Иконография в восточных религиях

 

Индуистская и буддийская иконография имеют много общего. Здесь не только генетическая преемственность и единая культурная среда, в которой формировались и создавались эти типовые изображения, здесь нечто большее: это искусство, выражающее уничтоженную, иллюзорную псевдоличность. У божеств гималайско-тибетского пантеона, так же как у многочисленных будд и бодисатв, нет лица. Там мертвые маски. Индуистские божества — это не личности, это персонификация и проходящие формы единого и безликого, того, о чем нельзя сказать, имеет ли оно бытие или нет. Теория перевоплощения делает все формы жизни преходящими и иллюзорными. Мир представляет собой сцену огромного театра; человеческая история — трагикомедию, а скорее — представление иллюзионистов. Абсолют надевает на себя маски персонажей разыгрываемой им пьесы. У него нет лица, он снимает одну маску и надевает другую. Маска не имеет к нему никакого отношения. В индуистской иконографии индивидуальность может отразиться как отличительное свойство от других особей, но личности как онтологии в ней нет. Кончилась пьеса мировой истории — маски складываются в корзину, гаснет свет рамп, и Брама погружается в сон. Будда — это такой же театральный персонаж, та же кукла, которая в отличие от других поняла, что мир — это театр. Она выпрыгнула на сцену и сказала: “Больше не хочу играть”, но на самом деле и она персонаж, сочиненный для театра автором мировой истории. Кончается день Брамы — и ее вместе с другими масками и куклами выбрасывает вон Шива, божество смерти и разрушений. В буддизме нет вечности и нет личности, там одна альтернатива времени — небытие. Буддизм — это маска смерти, это некромантия, это радость самоуничтожения.

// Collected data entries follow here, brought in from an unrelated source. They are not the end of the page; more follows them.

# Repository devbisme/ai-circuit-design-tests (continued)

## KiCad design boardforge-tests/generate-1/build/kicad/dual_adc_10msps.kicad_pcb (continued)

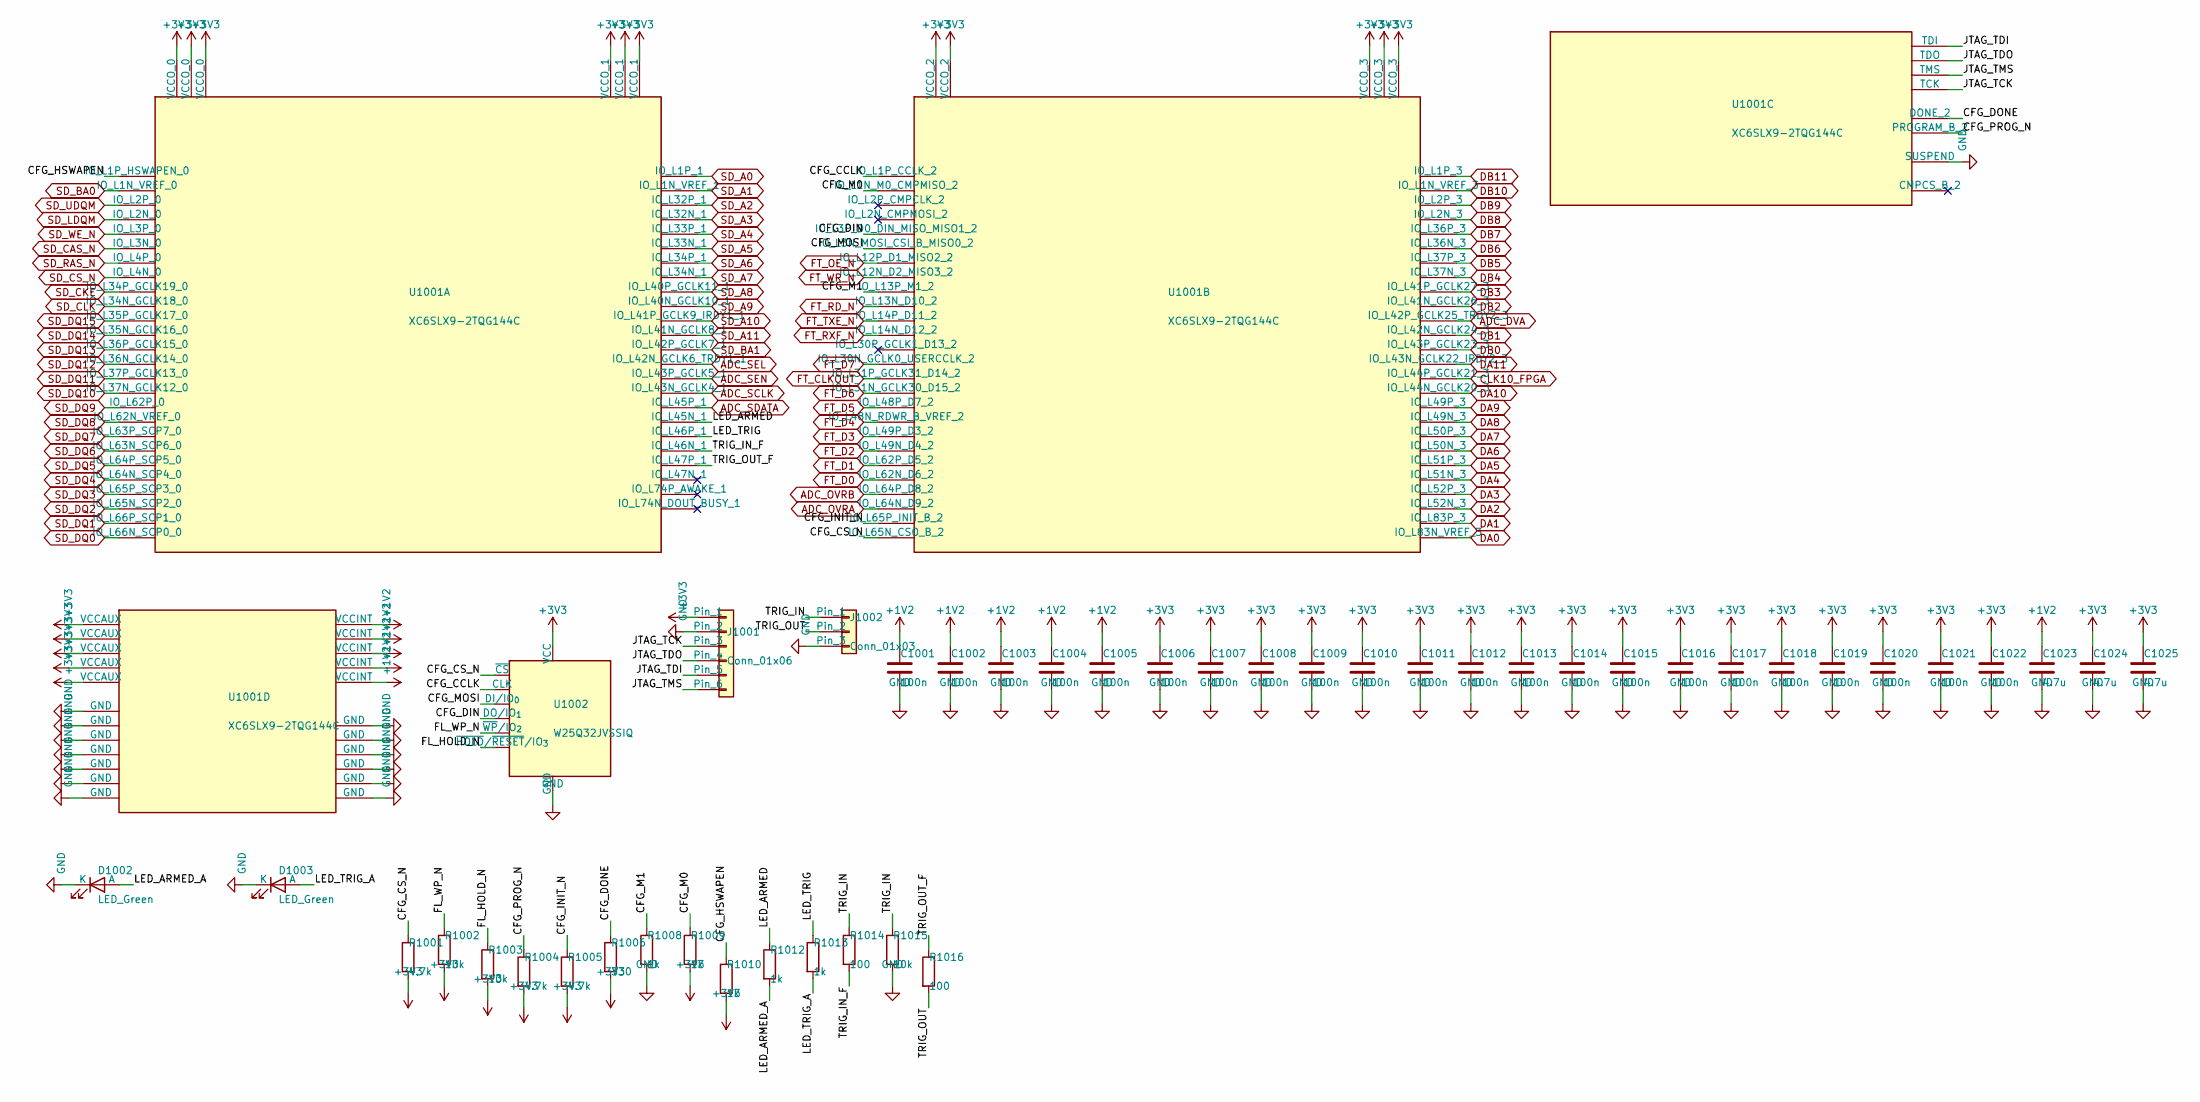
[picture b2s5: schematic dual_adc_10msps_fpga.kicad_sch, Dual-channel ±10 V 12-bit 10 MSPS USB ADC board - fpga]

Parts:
C1001, C1002, C1003, C1004, C1005, C1006, C1007, C1008, C1009, C1010, C1011, C1012, C1013, C1014, C1015, C1016, C1017, C1018, C1019, C1020, C1021, C1022: 100n; C_0402_1005Metric; MPN CL05B104KB54PNC; LCSC C307331
C1023, C1024, C1025: 4.7u; C_0603_1608Metric; MPN CL10A475KO8NNNC; LCSC C19666
D1002, D1003: LED_Green; LED_0603_1608Metric; MPN PSC-1608U52GC-G4; LCSC C22371297
J1001: Conn_01x06; PinHeader_1x06_P2.54mm_Vertical; MPN PZ254V-11-06P; LCSC C492405
J1002: Conn_01x03; PinHeader_1x03_P2.54mm_Vertical; MPN PZ254V-11-03P; LCSC C2937625
R1001, R1004, R1005: 4.7k; R_0402_1005Metric; MPN 0402WGF4701TCE; LCSC C25900
R1002, R1003, R1015: 10k; R_0402_1005Metric; MPN 0402WGF1002TCE; LCSC C25744
R1006: 330; R_0402_1005Metric; MPN 0402WGF3300TCE; LCSC C25104
R1008, R1009, R1010, R1012, R1013: 1k; R_0402_1005Metric; MPN 0402WGF1001TCE; LCSC C11702
R1014, R1016: 100; R_0402_1005Metric; MPN 0402WGF1000TCE; LCSC C25076
U1001: XC6SLX9-2TQG144C; TQFP-144_20x20mm_P0.5mm; MPN XC6SLX9-2TQG144C; LCSC C27408
U1002: W25Q32JVSSIQ; SOIC-8_5.3x5.3mm_P1.27mm; MPN W25Q32JVSSIQ; LCSC C179173

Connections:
+1V2: C1001.1, C1002.1, C1003.1, C1004.1, C1005.1, C1023.1, U1001.19 (VCCINT), U1001.28 (VCCINT), U1001.52 (VCCINT), U1001.89 (VCCINT), U1001.128 (VCCINT); also elsewhere on the board
+3V3: C1006.1, C1007.1, C1008.1, C1009.1, C1010.1, C1011.1, C1012.1, C1013.1, C1014.1, C1015.1, C1016.1, C1017.1, C1018.1, C1019.1, C1020.1, C1021.1, C1022.1, C1024.1, C1025.1, J1001.1, R1001.2, R1002.2, R1003.2, R1004.2, R1005.2, R1006.2, R1009.2, R1010.2, U1001.4 (VCCO_3), U1001.18 (VCCO_3), U1001.20 (VCCAUX), U1001.31 (VCCO_3), U1001.36 (VCCAUX), U1001.42 (VCCO_2), U1001.53 (VCCAUX), U1001.63 (VCCO_2), U1001.76 (VCCO_1), U1001.86 (VCCO_1), U1001.90 (VCCAUX), U1001.103 (VCCO_1), U1001.122 (VCCO_0), U1001.125 (VCCO_0), U1001.129 (VCCAUX), U1001.135 (VCCO_0), U1002.8 (VCC); also elsewhere on the board
/fpga/CFG_CCLK: U1001.70 (IO_L1P_CCLK_2), U1002.6 (CLK)
/fpga/CFG_CS_N: R1001.1, U1001.38 (IO_L65N_CSO_B_2), U1002.1 (~CS)
/fpga/CFG_DIN: U1001.65 (IO_L3P_D0_DIN_MISO_MISO1_2), U1002.2 (DO/IO_{1})
/fpga/CFG_DONE: R1006.1, U1001.71 (DONE_2)
/fpga/CFG_HSWAPEN: R1010.1, U1001.144 (IO_L1P_HSWAPEN_0)
/fpga/CFG_INIT_N: R1005.1, U1001.39 (IO_L65P_INIT_B_2)
/fpga/CFG_M0: R1009.1, U1001.69 (IO_L1N_M0_CMPMISO_2)
/fpga/CFG_M1: R1008.1, U1001.60 (IO_L13P_M1_2)
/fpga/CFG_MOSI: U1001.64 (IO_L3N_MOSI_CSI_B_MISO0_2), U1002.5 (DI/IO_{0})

В маздеизме два начала, два творца мира: темное и светлое, доброе и злое. Все в противодействии и борьбе. Иконография маздеистов создала тип жестокого и беспощадного воина. Царь выступает как олицетворение Ормузда. Его атрибуты — могущество и власть. Его жизнь — это борьба и битва. Он несет разрушение и смерть. Мир должен быть разрушен, чтобы светлое начало освободилось от злого. Боги и цари маздеизма окружены зверями и чудовищами. Иногда это быки с львиной головой, иногда — фантастические животные с человеческими лицами. Все они союзники богов или их противники.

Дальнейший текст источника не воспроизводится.